# Work item
Could you find every line in the entries below that holds the word "fillet" and copy it?

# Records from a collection
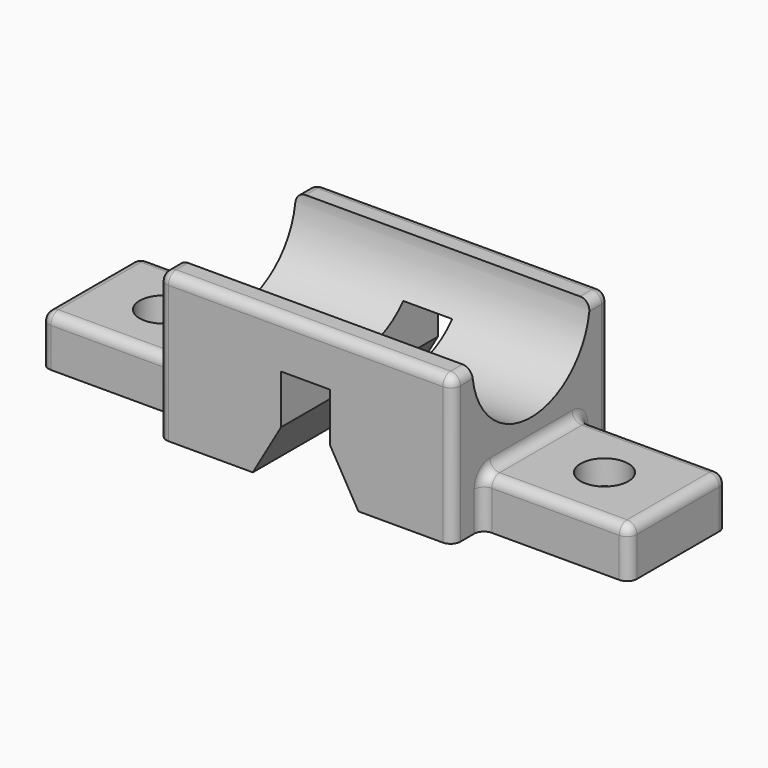
from build123d import *

# Parameters (mm, degrees)
F0_W           = 60
F0_H           = 40
F1_DEPTH       = 30
F3_DEPTH       = 40.001
F4_R           = 15
F5_DEPTH       = 40
F6_W           = 25
F6_H           = 10
F7_DEPTH       = 30
F9_D           = 5.5
F9_CBORE_D     = 9.75
F9_CBORE_DEPTH = 5
F10_T1_DEPTH   = 13
F10_T3_DEPTH   = 28
F10_T5_DEPTH   = 21
F10_T7_DEPTH   = 33
F10_T9_DEPTH   = 8
F10_T11_DEPTH  = 56
F10_T13_DEPTH  = 8
F10_S17_W      = 2
F10_S17_H      = 2
F10_T18_DEPTH  = 2
F10_S23_W      = 2
F10_S23_H      = 2
F10_T24_DEPTH  = 2
F10_S29_W      = 2
F10_S29_H      = 2
F10_T30_DEPTH  = 2
F10_S35_W      = 2
F10_S35_H      = 2
F10_T36_DEPTH  = 2
F10_S41_W      = 2
F10_S41_H      = 2
F10_T42_DEPTH  = 2
F10_S47_W      = 2
F10_S47_H      = 2
F10_T48_DEPTH  = 2
F10_T51_DEPTH  = 8
F10_T53_DEPTH  = 21
F10_T56_ANGLE  = 90
F10_T58_ANGLE  = 90


# Not quite as in the source:
# - a fillet or chamfer that OpenCascade refuses, or shapes differently, is made with other operations: its cross-section is extruded or revolved along the edge and cut away or added


with BuildPart() as f1:
    # F0 (on Top) → F1 (new body)
    with BuildSketch(Plane.XY):
        Rectangle(F0_W, F0_H)
    extrude(amount=F1_DEPTH)

    # F2 (on face) → F3 (cut, through all)
    with BuildSketch(Plane.XZ.offset(20)):
        Polygon((-5, 10), (-10.7735026919, 0), (10.7735026919, 0), (5, 10), (5, 20), (-5, 20), align=None)
    extrude(amount=-F3_DEPTH, mode=Mode.SUBTRACT)

    # F4 (on Right) → F5 (cut, symmetric)
    with BuildSketch(Plane.YZ):
        with Locations((0, 30)):
            Circle(F4_R)
    extrude(amount=F5_DEPTH, both=True, mode=Mode.SUBTRACT)

    # F6 (on face) → F7 (join)
    with BuildSketch(Plane.YZ.offset(30)):
        with Locations((0, 5)):
            Rectangle(F6_W, F6_H)
    extrude(amount=F7_DEPTH)

    # F9 (through all)
    with Locations(Plane.XY.offset(10)):
        with Locations((45, 0)):
            CounterBoreHole(F9_D / 2, F9_CBORE_D / 2, F9_CBORE_DEPTH)

    # F10: fillet of radius 2 on 18 edges, made by hand

    # F10_s2 → F10_t1 (cut)
    with BuildSketch(Plane.XY.offset(-5)):
        with BuildLine():
            ThreePointArc((58, -12.5), (59.4142135624, -11.9142135624), (60, -10.5))
            Line((60, -10.5), (60, -12.5))
            Line((60, -12.5), (58, -12.5))
        make_face()
        with BuildLine():
            ThreePointArc((60, 10.5), (59.4142135624, 11.9142135624), (58, 12.5))
            Line((58, 12.5), (60, 12.5))
            Line((60, 12.5), (60, 10.5))
        make_face()
    extrude(amount=F10_T1_DEPTH, mode=Mode.SUBTRACT)

    # F10_s4 → F10_t3 (cut)
    with BuildSketch(Plane.YZ.offset(30)):
        with BuildLine():
            ThreePointArc((-12.5, 8), (-11.9142135624, 9.4142135624), (-10.5, 10))
            Line((-10.5, 10), (-12.5, 10))
            Line((-12.5, 10), (-12.5, 8))
        make_face()
        with BuildLine():
            ThreePointArc((12.5, 8), (11.9142135624, 9.4142135624), (10.5, 10))
            Line((10.5, 10), (12.5, 10))
            Line((12.5, 10), (12.5, 8))
        make_face()
    extrude(amount=F10_T3_DEPTH, mode=Mode.SUBTRACT)

    # F10_s6 → F10_t5 (cut)
    with BuildSketch(Plane.XZ.offset(-10.5)):
        with BuildLine():
            ThreePointArc((60, 8), (59.4142135624, 9.4142135624), (58, 10))
            Line((58, 10), (60, 10))
            Line((60, 10), (60, 8))
        make_face()
    extrude(amount=F10_T5_DEPTH, mode=Mode.SUBTRACT)

    # F10_s8 → F10_t7 (cut)
    with BuildSketch(Plane.XY.offset(-5)):
        with BuildLine():
            ThreePointArc((30, -18), (29.4142135624, -19.4142135624), (28, -20))
            Line((28, -20), (30, -20))
            Line((30, -20), (30, -18))
        make_face()
        with BuildLine():
            ThreePointArc((28, 20), (29.4142135624, 19.4142135624), (30, 18))
            Line((30, 18), (30, 20))
            Line((30, 20), (28, 20))
        make_face()
        with BuildLine():
            ThreePointArc((-30, -18), (-29.4142135624, -19.4142135624), (-28, -20))
            Line((-28, -20), (-30, -20))
            Line((-30, -20), (-30, -18))
        make_face()
        with BuildLine():
            ThreePointArc((-28, 20), (-29.4142135624, 19.4142135624), (-30, 18))
            Line((-30, 18), (-30, 20))
            Line((-30, 20), (-28, 20))
        make_face()
    extrude(amount=F10_T7_DEPTH, mode=Mode.SUBTRACT)

    # F10_s10 → F10_t9 (cut)
    with BuildSketch(Plane.XZ.offset(10)):
        with BuildLine():
            ThreePointArc((30, 28), (29.4142135624, 29.4142135624), (28, 30))
            Line((28, 30), (30, 30))
            Line((30, 30), (30, 28))
        make_face()
        with BuildLine():
            ThreePointArc((-30, 28), (-29.4142135624, 29.4142135624), (-28, 30))
            Line((-28, 30), (-30, 30))
            Line((-30, 30), (-30, 28))
        make_face()
    extrude(amount=F10_T9_DEPTH, mode=Mode.SUBTRACT)

    # F10_s12 → F10_t11 (cut)
    with BuildSketch(Plane.YZ.offset(-28)):
        with BuildLine():
            ThreePointArc((20, 28), (19.4142135624, 29.4142135624), (18, 30))
            Line((18, 30), (20, 30))
            Line((20, 30), (20, 28))
        make_face()
        with BuildLine():
            ThreePointArc((-20, 28), (-19.4142135624, 29.4142135624), (-18, 30))
            Line((-18, 30), (-20, 30))
            Line((-20, 30), (-20, 28))
        make_face()
    extrude(amount=F10_T11_DEPTH, mode=Mode.SUBTRACT)

    # F10_s14 → F10_t13 (cut)
    with BuildSketch(Plane.XZ.offset(-18)):
        with BuildLine():
            ThreePointArc((-30, 28), (-29.4142135624, 29.4142135624), (-28, 30))
            Line((-28, 30), (-30, 30))
            Line((-30, 30), (-30, 28))
        make_face()
        with BuildLine():
            ThreePointArc((28, 30), (29.4142135624, 29.4142135624), (30, 28))
            Line((30, 28), (30, 30))
            Line((30, 30), (28, 30))
        make_face()
    extrude(amount=F10_T13_DEPTH, mode=Mode.SUBTRACT)


with BuildPart() as f10_tool16:
    # F10_s17 → F10_t18 (new body)
    with BuildSketch(Plane.XY.offset(8)):
        with Locations((59, -11.5)):
            Rectangle(F10_S17_W, F10_S17_H)
    extrude(amount=F10_T18_DEPTH)

    # F10_s19 → F10_t20 (revolve, cut)
    with BuildSketch(Plane(origin=(58, -10.5, 8), x_dir=(-0.7071067812, 0.7071067812, 0), z_dir=(0.7071067812, 0.7071067812, 0))):
        with BuildLine():
            ThreePointArc((0, -2), (2, 0), (0, 2))
            Line((0, 2), (0, -2))
        make_face()
    revolve(axis=Axis((58, -10.5, 8), (0, 0, 1)), mode=Mode.SUBTRACT)


with BuildPart() as f1_1:
    add(f1.part)

    # F10_t15: cut F10_tool16
    add(f10_tool16.part, mode=Mode.SUBTRACT)


with BuildPart() as f10_tool22:
    # F10_s23 → F10_t24 (new body)
    with BuildSketch(Plane.XY.offset(8)):
        with Locations((59, 11.5)):
            Rectangle(F10_S23_W, F10_S23_H)
    extrude(amount=F10_T24_DEPTH)

    # F10_s25 → F10_t26 (revolve, cut)
    with BuildSketch(Plane(origin=(58, 10.5, 8), x_dir=(-0.7071067812, -0.7071067812, 0), z_dir=(-0.7071067812, 0.7071067812, 0))):
        with BuildLine():
            ThreePointArc((0, -2), (2, 0), (0, 2))
            Line((0, 2), (0, -2))
        make_face()
    revolve(axis=Axis((58, 10.5, 8), (0, 0, 1)), mode=Mode.SUBTRACT)


with BuildPart() as f1_2:
    add(f1_1.part)

    # F10_t21: cut F10_tool22
    add(f10_tool22.part, mode=Mode.SUBTRACT)


with BuildPart() as f10_tool28:
    # F10_s29 → F10_t30 (new body)
    with BuildSketch(Plane.XY.offset(28)):
        with Locations((29, -19)):
            Rectangle(F10_S29_W, F10_S29_H)
    extrude(amount=F10_T30_DEPTH)

    # F10_s31 → F10_t32 (revolve, cut)
    with BuildSketch(Plane(origin=(28, -18, 28), x_dir=(-0.7071067812, 0.7071067812, 0), z_dir=(0.7071067812, 0.7071067812, 0))):
        with BuildLine():
            ThreePointArc((0, -2), (2, 0), (0, 2))
            Line((0, 2), (0, -2))
        make_face()
    revolve(axis=Axis((28, -18, 28), (0, 0, 1)), mode=Mode.SUBTRACT)


with BuildPart() as f1_3:
    add(f1_2.part)

    # F10_t27: cut F10_tool28
    add(f10_tool28.part, mode=Mode.SUBTRACT)


with BuildPart() as f10_tool34:
    # F10_s35 → F10_t36 (new body)
    with BuildSketch(Plane.YZ.offset(-28)):
        with Locations((-19, 29)):
            Rectangle(F10_S35_W, F10_S35_H)
    extrude(amount=-F10_T36_DEPTH)

    # F10_s37 → F10_t38 (revolve, cut)
    with BuildSketch(Plane(origin=(-28, -18, 28), x_dir=(0, 0.7071067812, -0.7071067812), z_dir=(0, 0.7071067812, 0.7071067812))):
        with BuildLine():
            ThreePointArc((0, -2), (2, 0), (0, 2))
            Line((0, 2), (0, -2))
        make_face()
    revolve(axis=Axis((-28, -18, 28), (-1, 0, 0)), mode=Mode.SUBTRACT)


with BuildPart() as f1_4:
    add(f1_3.part)

    # F10_t33: cut F10_tool34
    add(f10_tool34.part, mode=Mode.SUBTRACT)


with BuildPart() as f10_tool40:
    # F10_s41 → F10_t42 (new body)
    with BuildSketch(Plane.XZ.offset(-18)):
        with Locations((29, 29)):
            Rectangle(F10_S41_W, F10_S41_H)
    extrude(amount=-F10_T42_DEPTH)

    # F10_s43 → F10_t44 (revolve, cut)
    with BuildSketch(Plane(origin=(28, 18, 28), x_dir=(-0.7071067812, 0, -0.7071067812), z_dir=(0.7071067812, 0, -0.7071067812))):
        with BuildLine():
            ThreePointArc((0, -2), (2, 0), (0, 2))
            Line((0, 2), (0, -2))
        make_face()
    revolve(axis=Axis((28, 18, 28), (0, 1, 0)), mode=Mode.SUBTRACT)


with BuildPart() as f1_5:
    add(f1_4.part)

    # F10_t39: cut F10_tool40
    add(f10_tool40.part, mode=Mode.SUBTRACT)


with BuildPart() as f10_tool46:
    # F10_s47 → F10_t48 (new body)
    with BuildSketch(Plane.XZ.offset(-18)):
        with Locations((-29, 29)):
            Rectangle(F10_S47_W, F10_S47_H)
    extrude(amount=-F10_T48_DEPTH)

    # F10_s49 → F10_t50 (revolve, cut)
    with BuildSketch(Plane(origin=(-28, 18, 28), x_dir=(0.7071067812, 0, -0.7071067812), z_dir=(0.7071067812, 0, 0.7071067812))):
        with BuildLine():
            ThreePointArc((0, -2), (2, 0), (0, 2))
            Line((0, 2), (0, -2))
        make_face()
    revolve(axis=Axis((-28, 18, 28), (0, 1, 0)), mode=Mode.SUBTRACT)


with BuildPart() as f1_6:
    add(f1_5.part)

    # F10_t45: cut F10_tool46
    add(f10_tool46.part, mode=Mode.SUBTRACT)

    # F10_s52 → F10_t51 (join)
    with BuildSketch(Plane.XY):
        with BuildLine():
            ThreePointArc((30, -14.5), (30.5857864376, -13.0857864376), (32, -12.5))
            Line((32, -12.5), (30, -12.5))
            Line((30, -12.5), (30, -14.5))
        make_face()
        with BuildLine():
            ThreePointArc((30, 14.5), (30.5857864376, 13.0857864376), (32, 12.5))
            Line((32, 12.5), (30, 12.5))
            Line((30, 12.5), (30, 14.5))
        make_face()
    extrude(amount=F10_T51_DEPTH)

    # F10_s54 → F10_t53 (join)
    with BuildSketch(Plane.XZ.offset(-10.5)):
        with BuildLine():
            ThreePointArc((30, 12), (30.5857864376, 10.5857864376), (32, 10))
            Line((32, 10), (30, 10))
            Line((30, 10), (30, 12))
        make_face()
    extrude(amount=F10_T53_DEPTH)

    # F10_s55 → F10_t56 (revolve)
    with BuildSketch(Plane.XY.offset(8)):
        with BuildLine():
            ThreePointArc((30, 14.5), (30.5857864376, 13.0857864376), (32, 12.5))
            Line((32, 12.5), (30, 12.5))
            Line((30, 12.5), (30, 14.5))
        make_face()
    revolve(axis=Axis((30, 10.5, 8), (1, 0, 0)), revolution_arc=F10_T56_ANGLE)

    # F10_s57 → F10_t58 (revolve)
    with BuildSketch(Plane.XY.offset(8)):
        with BuildLine():
            ThreePointArc((30, -14.5), (30.5857864376, -13.0857864376), (32, -12.5))
            Line((32, -12.5), (30, -12.5))
            Line((30, -12.5), (30, -14.5))
        make_face()
    revolve(axis=Axis((30, -10.5, 8), (-1, 0, 0)), revolution_arc=F10_T58_ANGLE)

    # F11: F1 across plane


with BuildPart() as f1_7:
    add(f1_6.part)
    add(f1_6.part.mirror(Plane.YZ))


solid = f1_7.part

# Answer for the task
# - a fillet or chamfer that OpenCascade refuses, or shapes differently, is made with other operations: its cross-section is extruded or revolved along the edge and cut away or added
    # F10: fillet of radius 2 on 18 edges, made by hand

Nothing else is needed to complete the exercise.